Histoire de la Pomme

l'histoire des Asturies

La culture du pommier dans les Asturies est étroitement liée à l'histoire de cette région. En l'absence de témoignages antérieurs écrits, il existe des preuves de la présence de pommiers dans les Asturies avant l'invasion romaine, à travers les écrivains latins, la première référence historique remontant à l'époque de l'Asturien. Selon les dires d'Elviro Martinez, «le pommier était, par conséquent, entre le VIIIe et le Xe siècle  un arbre partie intégrante de notre paysage, un élément de nos maisons de campagne et une ressource irremplaçable dans le domaine alimentaire (...) Aux XIIe et XIIIe siècles, l'exploitation du pommier devient la plus grande richesse arboricole de la région." Le résultat de l'importance économique de cette activité est la régulation privée juridique dans les contrats de l'Administration qui percevait les fonds, une institution coutumière générale entre les XIe et XIVe siècles, impliquant le transfert de terres d'un individu à l'autre pour la plantation de pommiers.

Adam et eve

On peut penser à l'origine de l'est de la pomme, en raison de la curieuse tradition chrétienne qui associe ce fruit au premier péché d'Adam et Eve. On pense avoir montré dans des études antérieures l'origine de cette tradition, née à partir du IXe siècle et diffusée en Europe à partir du XVe siècle.

Les restes les plus anciens de la pomme, selon Herr, correspondent à la période la plus récente de l'Âge de Pierre, entre 8000 et 2500 ans avant Jésus-Christ, et selon Engel, des formes cultivées de la pomme apparaissent dans la période de Hallstatt, correspondant à la première période de l'Âge du Fer.
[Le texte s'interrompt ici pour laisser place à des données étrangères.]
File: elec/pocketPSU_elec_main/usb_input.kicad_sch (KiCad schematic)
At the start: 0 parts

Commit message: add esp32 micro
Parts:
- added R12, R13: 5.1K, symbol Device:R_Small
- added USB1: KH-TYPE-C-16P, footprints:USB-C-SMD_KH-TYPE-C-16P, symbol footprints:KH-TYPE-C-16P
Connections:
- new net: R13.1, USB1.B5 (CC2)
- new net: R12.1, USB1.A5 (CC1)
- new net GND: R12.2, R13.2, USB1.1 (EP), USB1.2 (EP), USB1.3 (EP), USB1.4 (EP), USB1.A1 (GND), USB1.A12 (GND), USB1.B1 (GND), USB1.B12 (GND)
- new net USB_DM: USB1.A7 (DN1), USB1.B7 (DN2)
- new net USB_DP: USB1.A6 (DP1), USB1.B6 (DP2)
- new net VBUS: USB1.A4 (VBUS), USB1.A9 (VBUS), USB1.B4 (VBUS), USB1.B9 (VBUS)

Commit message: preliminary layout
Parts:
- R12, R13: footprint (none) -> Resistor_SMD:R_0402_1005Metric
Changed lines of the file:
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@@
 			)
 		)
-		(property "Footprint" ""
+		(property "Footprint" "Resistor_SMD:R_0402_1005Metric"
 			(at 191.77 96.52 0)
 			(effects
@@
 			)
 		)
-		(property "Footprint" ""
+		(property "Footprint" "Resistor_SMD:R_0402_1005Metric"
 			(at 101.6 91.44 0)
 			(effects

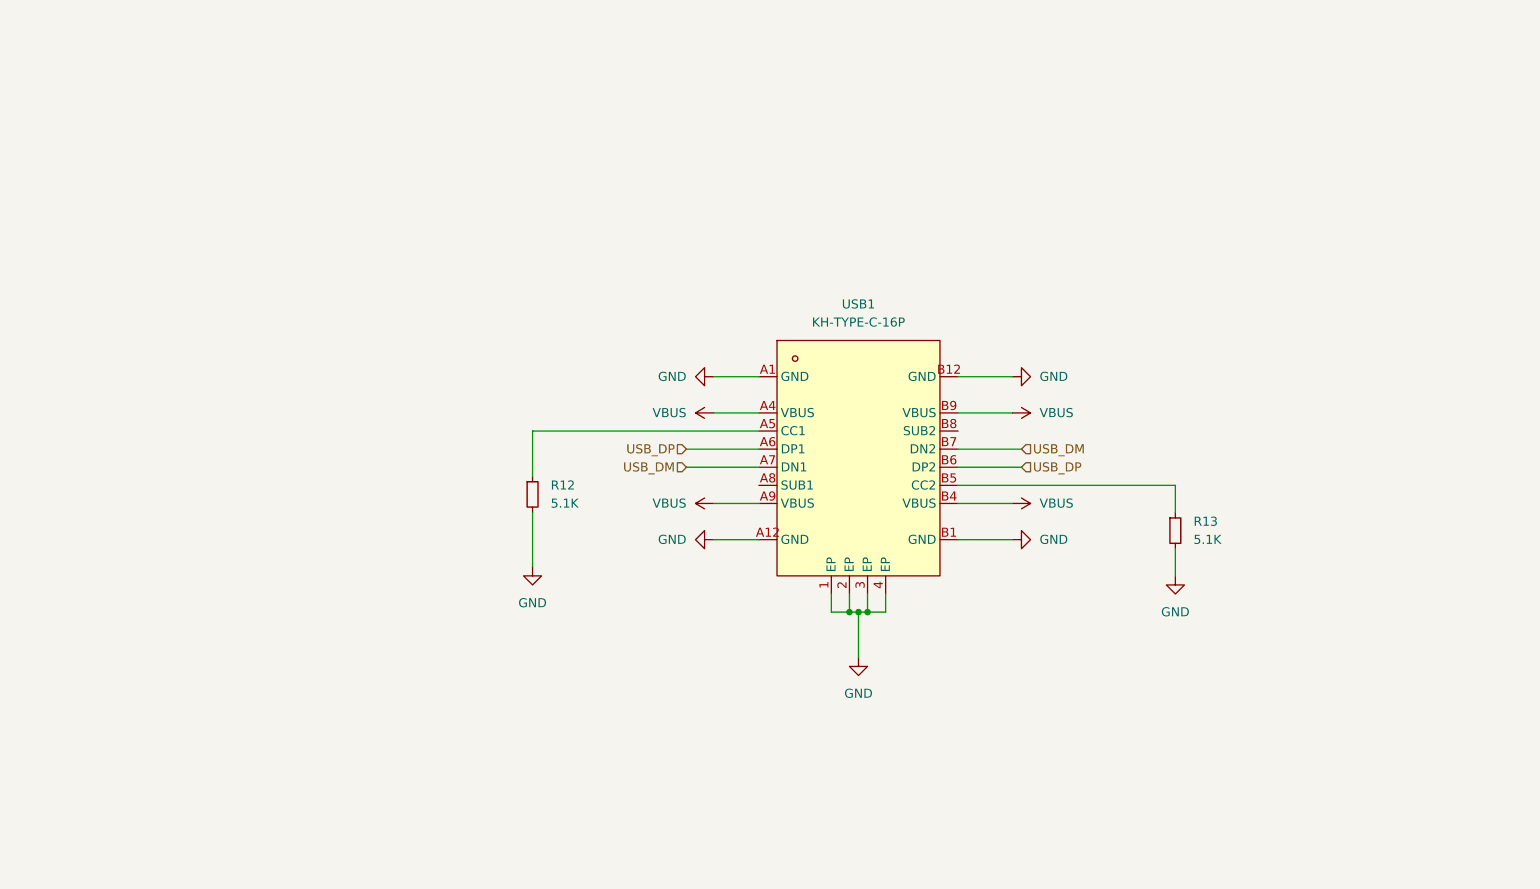
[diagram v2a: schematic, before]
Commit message: add usb coms chip
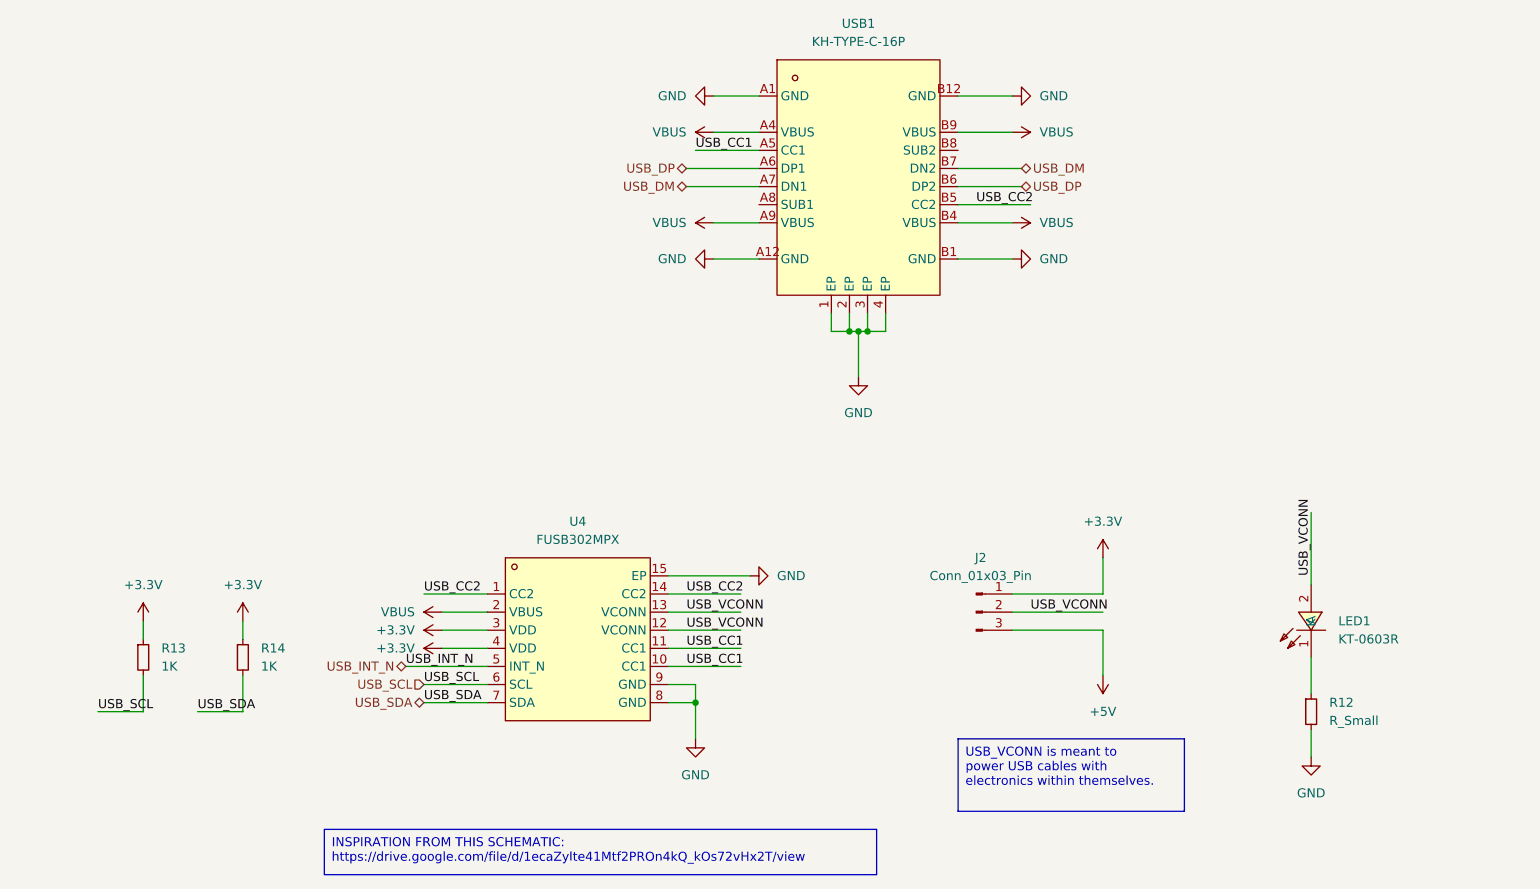
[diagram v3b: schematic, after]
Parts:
- added J2: Conn_01x03_Pin, symbol Connector:Conn_01x03_Pin
- added LED1: KT-0603R, footprints:LED0603-RD, symbol footprints:KT-0603R
- added R14: 1K, symbol Device:R_Small
- added U4: FUSB302MPX, footprints:MLP-14_L2.5-W2.5-P0.50-BL-EP, symbol footprints:FUSB302MPX
- R12: value 5.1K -> R_Small; footprint Resistor_SMD:R_0402_1005Metric -> (none)
- R13: value 5.1K -> 1K; footprint Resistor_SMD:R_0402_1005Metric -> (none)
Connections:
- net GND: now also U4.15 (EP), U4.8 (GND), U4.9 (GND); no longer R13.2
- net VBUS: now also U4.2 (VBUS)
- net +3.3V: now reaches R13.1
- net +3.3V: now also J2.1 (Pin_1), R14.1, U4.3 (VDD), U4.4 (VDD); no longer USB1.B5 (CC2)
- net at R12.1: now also LED1.1 (K); no longer USB1.A5 (CC1)
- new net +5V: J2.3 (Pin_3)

Les Latins appelaient la pomme "malum" et  "matianum malum" une espèce dédiée à Macio, journaliste gastronomique, écrivant des traités sur l'Agriculture et ami de César. Apicius, le célèbre gastronome romain de l'époque de Tibère, propose des recettes différentes de pommes dans son surprenant travail De re Coquinaria et Anthime, médecin du VIe siècle, dit dans son Epístola De Observatione Ciborum  (Lettre sur le régime des aliments) que les pommes et les poires, ainsi que d'autres fruits, ne sont salutaires que s'ils ont mûris au soleil.

Quand la pomme est-elle arrivée aux Asturies? Il n'y a pas de réponse certaine à cette question. Nous savons qu'elle était cultivée et appréciée comme une source de richesse au VIIIe siècle, comme l'indique le document datant du 25 novembre 781, signé par les pères bénédictins Fromestano, Maximo et ses moines, qui ont fondé le monastère Saint-Vincent Oviedo. Un autre document intéressant est un testament de Fakilo, qui date de l'année 793 ou 803, et raconte comment le testateur fait don d'un cinquième de sa fortune au monastère Santa Maria de Libardón (Colunga).

De Re Coquinaria d'Apicius

Il est possible que la culture arabe, liée à l'histoire espagnole depuis le VIIIe siècle et manifestée dans toute sa splendeur jusqu'au XIIIe siècle, ait eu une influence sur l'expansion de la pomiculture dans notre pays, en se basant plutôt sur le caractère médicinal de ce fruit. 

Depuis le XIIe siècle, existaient aux Asturies les contrats appelés "mampostería ou mampostura", une formule juridique qui liait les propriétaires terriens aux colons, par l'intermédiaire desquels le propriétaire d'une terre faisait à un autre, un contrat pour qu'il défriche et plante des pommiers. Ainsi, selon des documents dans les Archives de San Pelayo d'Oviedo, les religieuses de San Bartolomé de Nava ont fait recouvrir leurs grands domaines de Villaviciosa et de Colunga de vergers. 

Le XVIIIe siècle est la référence historique de l'étendue de vergers de pommiers à cidre aux Asturies. Cela s'est reflété dans les écrits de Francisco de Paula y Caveda et de Thomas López, qui en 1772 a réalisé un travail de cartographie, réunissant des données sur les principales productions agricoles.

Pendant les XIXe et XXe siècles, les efforts se sont portés sur l'amélioration des cultures dans leur ensemble, du choix des sols appropriés à l'utilisation des engrais, des fongicides et des insecticides, grâce à des améliorations dans les techniques de greffage et de taille.

Avec la mise en service de l'A.O.P. Cidre des Asturies, les cultures de pommes obtiennent  une identité, une valeur ajoutée et  se garantissent l'avenir d'un secteur économique qui s'adapte aux temps modernes.